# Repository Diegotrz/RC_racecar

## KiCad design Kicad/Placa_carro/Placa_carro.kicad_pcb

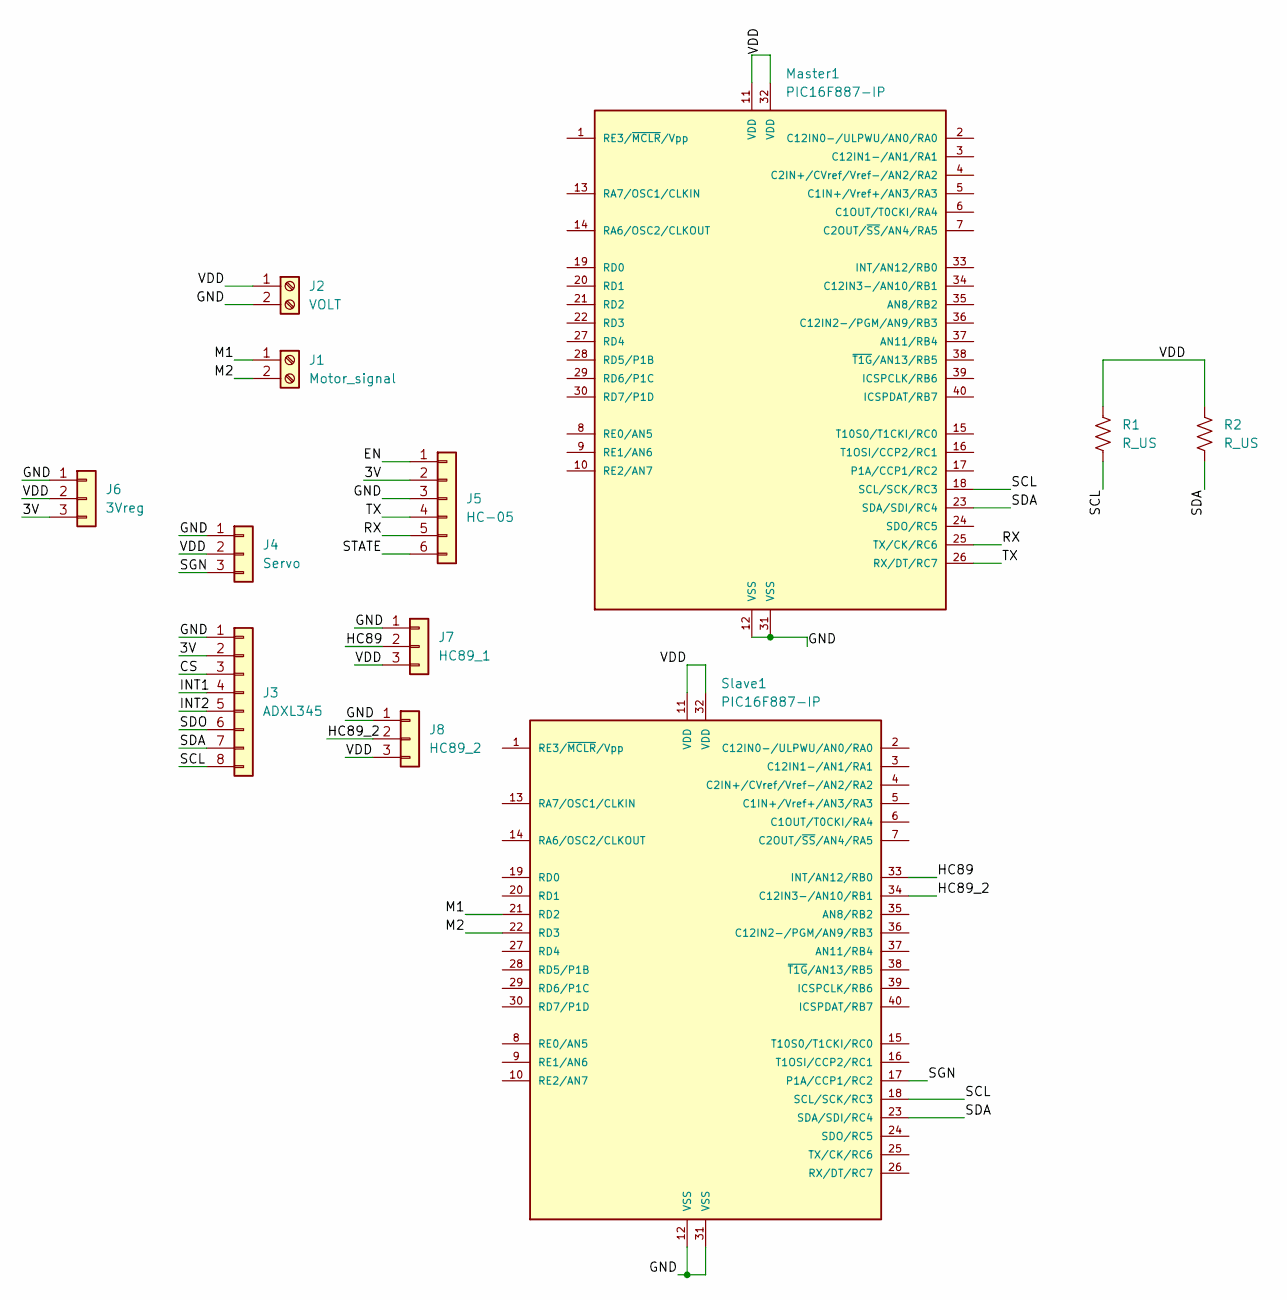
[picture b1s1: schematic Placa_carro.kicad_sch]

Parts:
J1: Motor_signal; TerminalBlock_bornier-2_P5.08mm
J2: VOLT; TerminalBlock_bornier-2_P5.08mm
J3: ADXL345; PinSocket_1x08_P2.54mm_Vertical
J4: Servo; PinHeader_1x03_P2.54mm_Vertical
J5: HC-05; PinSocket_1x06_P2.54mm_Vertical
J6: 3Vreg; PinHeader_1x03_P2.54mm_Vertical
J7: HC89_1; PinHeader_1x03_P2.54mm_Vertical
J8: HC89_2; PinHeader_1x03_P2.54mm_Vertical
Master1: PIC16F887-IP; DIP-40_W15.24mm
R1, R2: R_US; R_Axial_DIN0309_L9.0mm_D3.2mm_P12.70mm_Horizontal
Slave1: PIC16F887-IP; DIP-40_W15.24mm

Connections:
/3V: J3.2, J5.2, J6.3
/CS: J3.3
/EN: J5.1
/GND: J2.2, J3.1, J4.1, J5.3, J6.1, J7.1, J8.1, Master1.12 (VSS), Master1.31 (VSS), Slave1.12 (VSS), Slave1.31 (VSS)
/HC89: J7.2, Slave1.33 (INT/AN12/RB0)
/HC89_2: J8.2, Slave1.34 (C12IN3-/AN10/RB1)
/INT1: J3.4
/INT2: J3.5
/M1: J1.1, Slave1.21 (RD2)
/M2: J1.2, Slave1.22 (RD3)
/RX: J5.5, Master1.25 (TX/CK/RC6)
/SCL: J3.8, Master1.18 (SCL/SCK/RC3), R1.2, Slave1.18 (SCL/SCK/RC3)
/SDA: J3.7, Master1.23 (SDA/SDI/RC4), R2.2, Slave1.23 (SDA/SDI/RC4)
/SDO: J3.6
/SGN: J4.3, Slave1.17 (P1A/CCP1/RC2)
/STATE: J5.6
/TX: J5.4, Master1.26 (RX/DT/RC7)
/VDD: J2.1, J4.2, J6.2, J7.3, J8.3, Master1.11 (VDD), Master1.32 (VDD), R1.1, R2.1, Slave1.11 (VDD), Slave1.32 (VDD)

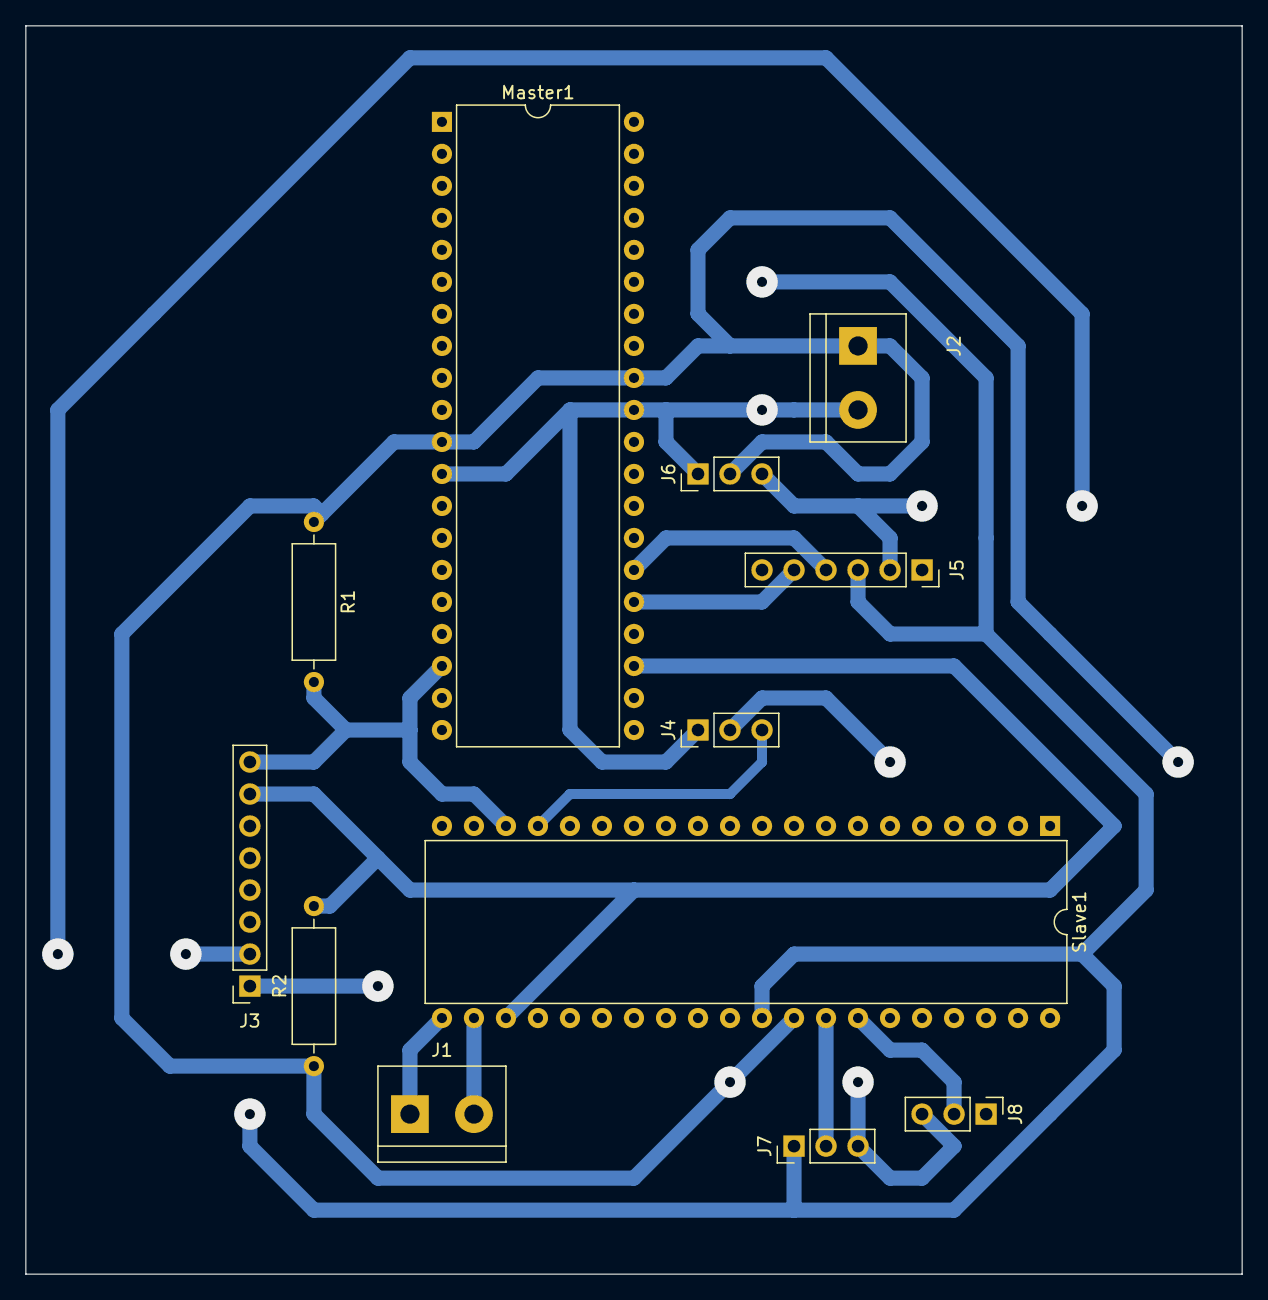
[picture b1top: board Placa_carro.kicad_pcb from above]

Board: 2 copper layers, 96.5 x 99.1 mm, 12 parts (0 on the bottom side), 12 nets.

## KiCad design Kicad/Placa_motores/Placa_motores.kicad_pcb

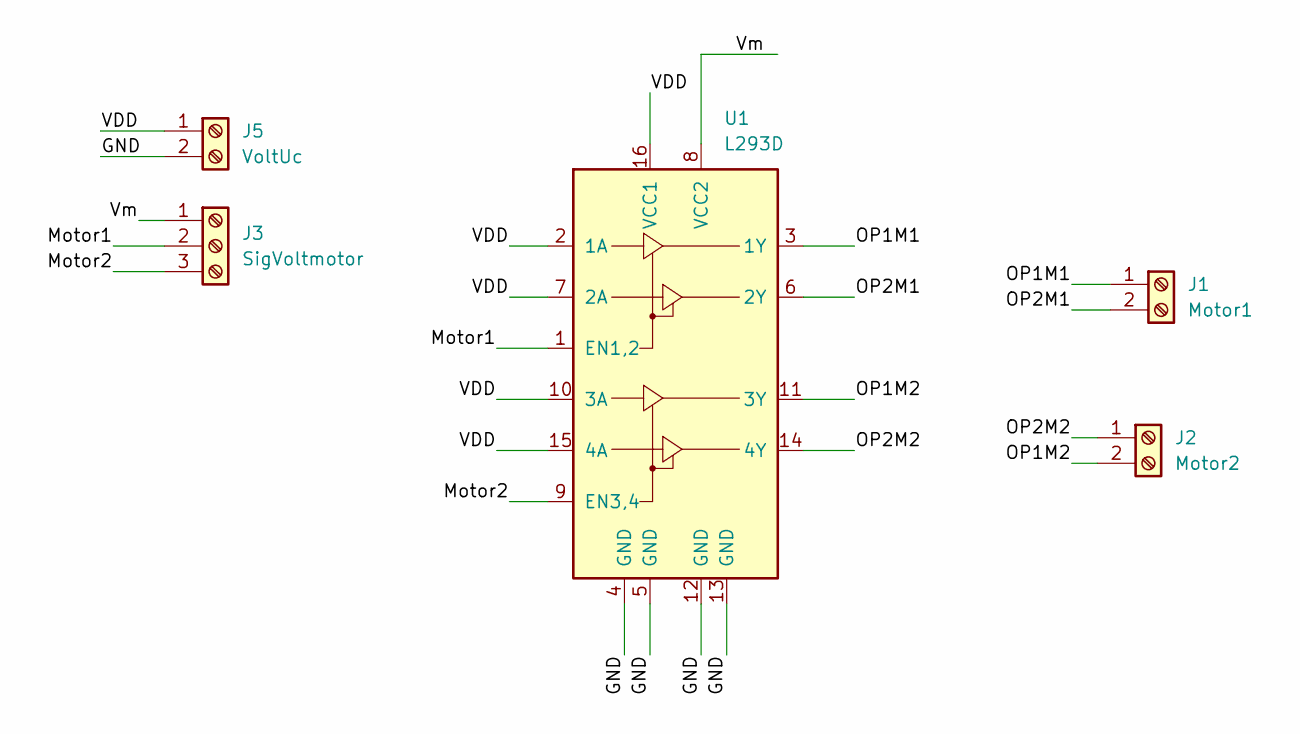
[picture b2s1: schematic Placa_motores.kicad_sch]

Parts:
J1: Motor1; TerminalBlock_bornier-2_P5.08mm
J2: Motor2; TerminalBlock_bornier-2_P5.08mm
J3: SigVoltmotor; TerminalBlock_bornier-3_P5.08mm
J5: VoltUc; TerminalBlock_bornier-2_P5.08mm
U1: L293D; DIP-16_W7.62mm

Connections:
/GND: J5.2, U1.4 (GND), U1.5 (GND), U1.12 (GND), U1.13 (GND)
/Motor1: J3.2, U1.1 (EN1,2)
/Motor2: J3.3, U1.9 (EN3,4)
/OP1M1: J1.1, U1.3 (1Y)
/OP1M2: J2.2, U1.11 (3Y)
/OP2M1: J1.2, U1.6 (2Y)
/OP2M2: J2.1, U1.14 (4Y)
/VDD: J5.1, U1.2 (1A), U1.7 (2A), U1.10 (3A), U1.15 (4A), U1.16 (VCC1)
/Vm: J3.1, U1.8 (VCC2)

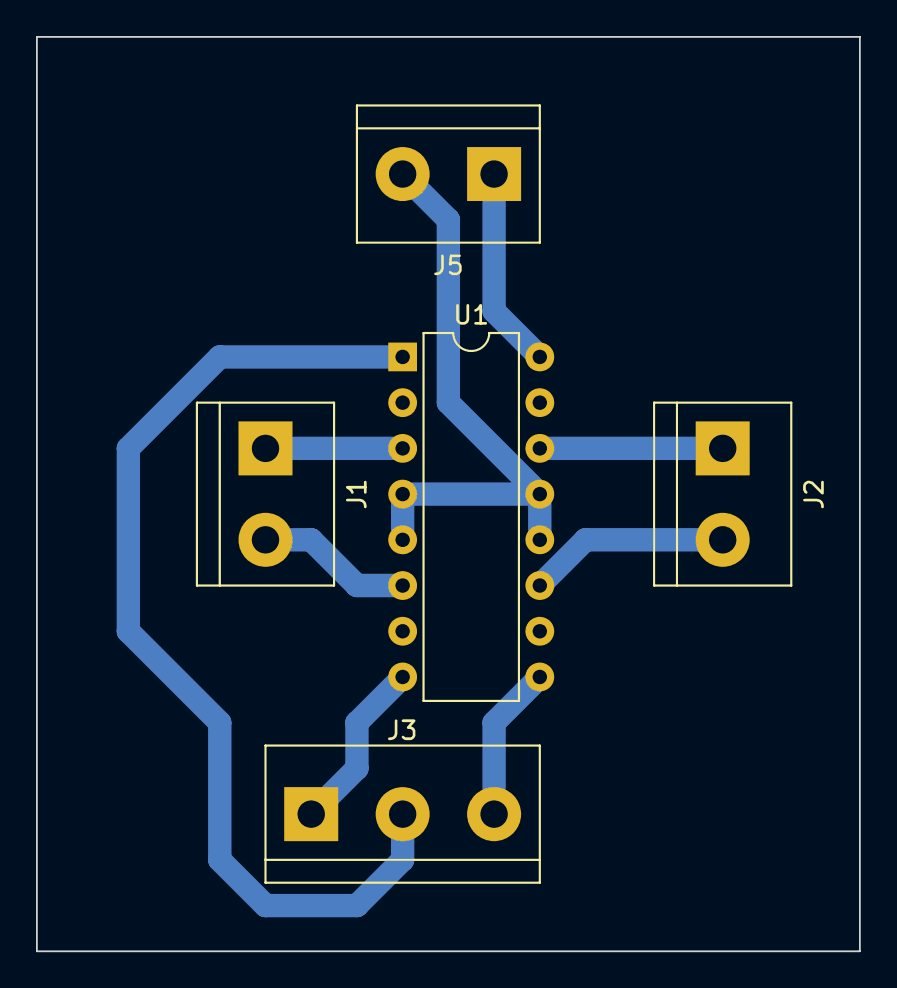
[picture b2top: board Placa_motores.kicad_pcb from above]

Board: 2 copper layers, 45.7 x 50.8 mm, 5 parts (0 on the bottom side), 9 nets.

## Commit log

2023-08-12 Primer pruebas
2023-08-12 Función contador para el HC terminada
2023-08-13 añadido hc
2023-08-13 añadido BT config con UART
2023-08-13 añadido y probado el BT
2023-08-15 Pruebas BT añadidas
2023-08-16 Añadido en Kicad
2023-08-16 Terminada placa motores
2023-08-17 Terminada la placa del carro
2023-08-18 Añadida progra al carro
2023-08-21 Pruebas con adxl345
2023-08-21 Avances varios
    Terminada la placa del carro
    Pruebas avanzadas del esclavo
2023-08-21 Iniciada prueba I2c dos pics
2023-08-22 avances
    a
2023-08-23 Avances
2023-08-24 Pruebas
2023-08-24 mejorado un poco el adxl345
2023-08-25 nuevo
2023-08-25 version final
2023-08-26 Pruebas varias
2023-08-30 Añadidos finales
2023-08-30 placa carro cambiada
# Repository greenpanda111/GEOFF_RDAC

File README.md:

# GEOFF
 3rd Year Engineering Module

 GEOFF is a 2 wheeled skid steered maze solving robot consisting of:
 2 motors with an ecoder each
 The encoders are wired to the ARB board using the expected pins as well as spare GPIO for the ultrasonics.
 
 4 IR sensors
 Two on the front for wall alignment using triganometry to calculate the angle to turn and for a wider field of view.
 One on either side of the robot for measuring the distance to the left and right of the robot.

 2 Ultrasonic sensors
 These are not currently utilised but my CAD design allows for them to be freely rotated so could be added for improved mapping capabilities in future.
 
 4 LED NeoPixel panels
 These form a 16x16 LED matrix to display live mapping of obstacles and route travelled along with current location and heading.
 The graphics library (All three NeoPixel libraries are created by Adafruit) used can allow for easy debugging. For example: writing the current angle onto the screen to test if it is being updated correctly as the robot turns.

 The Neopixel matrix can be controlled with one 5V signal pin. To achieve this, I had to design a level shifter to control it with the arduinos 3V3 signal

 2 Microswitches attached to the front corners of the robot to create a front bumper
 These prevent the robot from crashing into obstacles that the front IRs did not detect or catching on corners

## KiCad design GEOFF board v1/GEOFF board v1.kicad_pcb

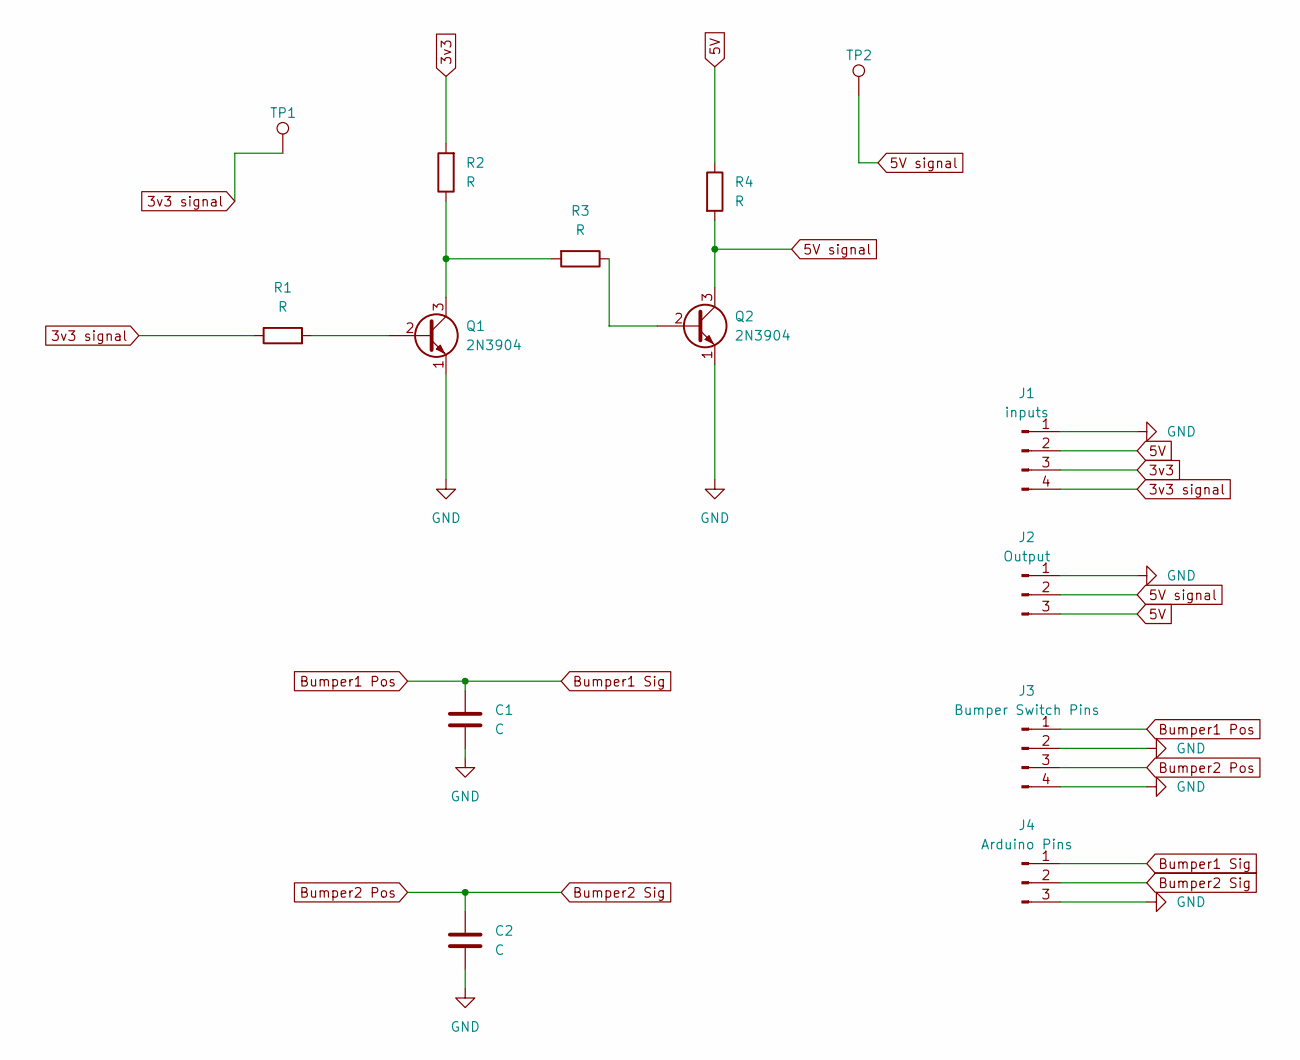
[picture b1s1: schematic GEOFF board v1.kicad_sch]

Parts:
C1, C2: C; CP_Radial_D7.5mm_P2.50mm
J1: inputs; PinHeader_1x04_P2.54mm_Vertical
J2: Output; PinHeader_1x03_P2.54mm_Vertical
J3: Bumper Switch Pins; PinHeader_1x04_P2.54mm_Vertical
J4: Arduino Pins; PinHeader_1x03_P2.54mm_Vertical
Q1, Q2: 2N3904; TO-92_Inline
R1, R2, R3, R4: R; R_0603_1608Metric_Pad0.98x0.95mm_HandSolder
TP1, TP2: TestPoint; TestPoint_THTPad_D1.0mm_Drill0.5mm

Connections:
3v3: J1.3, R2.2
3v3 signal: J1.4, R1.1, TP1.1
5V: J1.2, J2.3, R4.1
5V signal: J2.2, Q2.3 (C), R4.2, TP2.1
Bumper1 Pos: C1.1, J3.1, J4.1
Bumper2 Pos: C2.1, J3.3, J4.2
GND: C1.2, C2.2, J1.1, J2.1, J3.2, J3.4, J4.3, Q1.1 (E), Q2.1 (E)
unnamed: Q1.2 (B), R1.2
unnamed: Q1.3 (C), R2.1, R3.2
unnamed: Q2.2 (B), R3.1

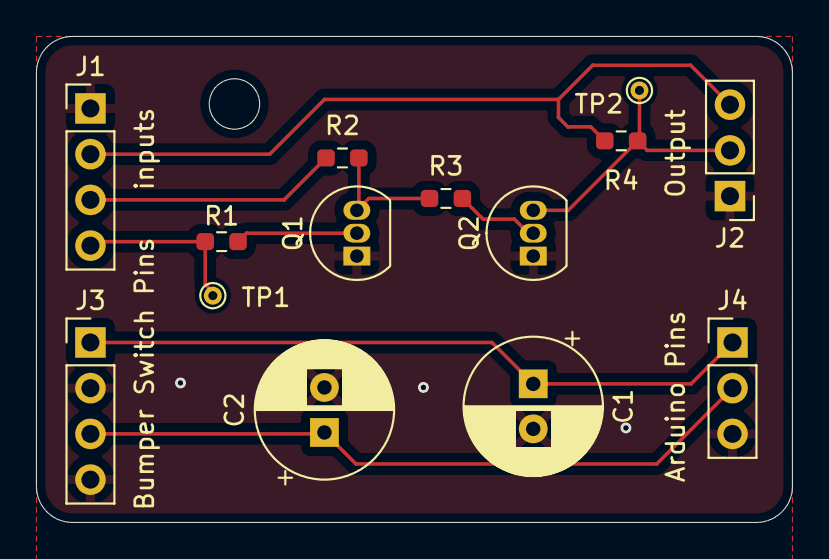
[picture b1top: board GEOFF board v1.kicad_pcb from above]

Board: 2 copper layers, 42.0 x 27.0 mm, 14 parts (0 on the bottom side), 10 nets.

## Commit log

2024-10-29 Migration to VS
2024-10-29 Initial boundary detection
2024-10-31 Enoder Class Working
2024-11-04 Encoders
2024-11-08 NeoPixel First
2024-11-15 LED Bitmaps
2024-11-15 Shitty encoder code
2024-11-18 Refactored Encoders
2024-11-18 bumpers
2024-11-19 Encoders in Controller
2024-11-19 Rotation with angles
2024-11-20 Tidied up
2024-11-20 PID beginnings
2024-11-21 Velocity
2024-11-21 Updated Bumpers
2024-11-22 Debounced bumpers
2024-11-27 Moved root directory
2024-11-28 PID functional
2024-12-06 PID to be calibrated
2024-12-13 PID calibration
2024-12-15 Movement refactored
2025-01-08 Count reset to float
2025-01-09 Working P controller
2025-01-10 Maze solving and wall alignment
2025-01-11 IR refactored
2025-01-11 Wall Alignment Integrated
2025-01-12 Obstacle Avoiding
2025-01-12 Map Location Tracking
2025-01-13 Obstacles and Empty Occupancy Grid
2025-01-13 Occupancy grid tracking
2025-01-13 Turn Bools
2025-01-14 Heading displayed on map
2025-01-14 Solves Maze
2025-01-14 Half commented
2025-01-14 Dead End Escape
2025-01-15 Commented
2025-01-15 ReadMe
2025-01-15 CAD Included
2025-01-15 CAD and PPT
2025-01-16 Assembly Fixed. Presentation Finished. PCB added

******************************

In the listing above, transcribe exactly everything from the line containing "2023-08-25 nuevo" down to the line containing "GEOFF is a 2", including both and nothing more.

[TASK OUTPUT]
2023-08-25 nuevo
2023-08-25 version final
2023-08-26 Pruebas varias
2023-08-30 Añadidos finales
2023-08-30 placa carro cambiada
# Repository greenpanda111/GEOFF_RDAC

File README.md:

# GEOFF
 3rd Year Engineering Module

 GEOFF is a 2 wheeled skid steered maze solving robot consisting of:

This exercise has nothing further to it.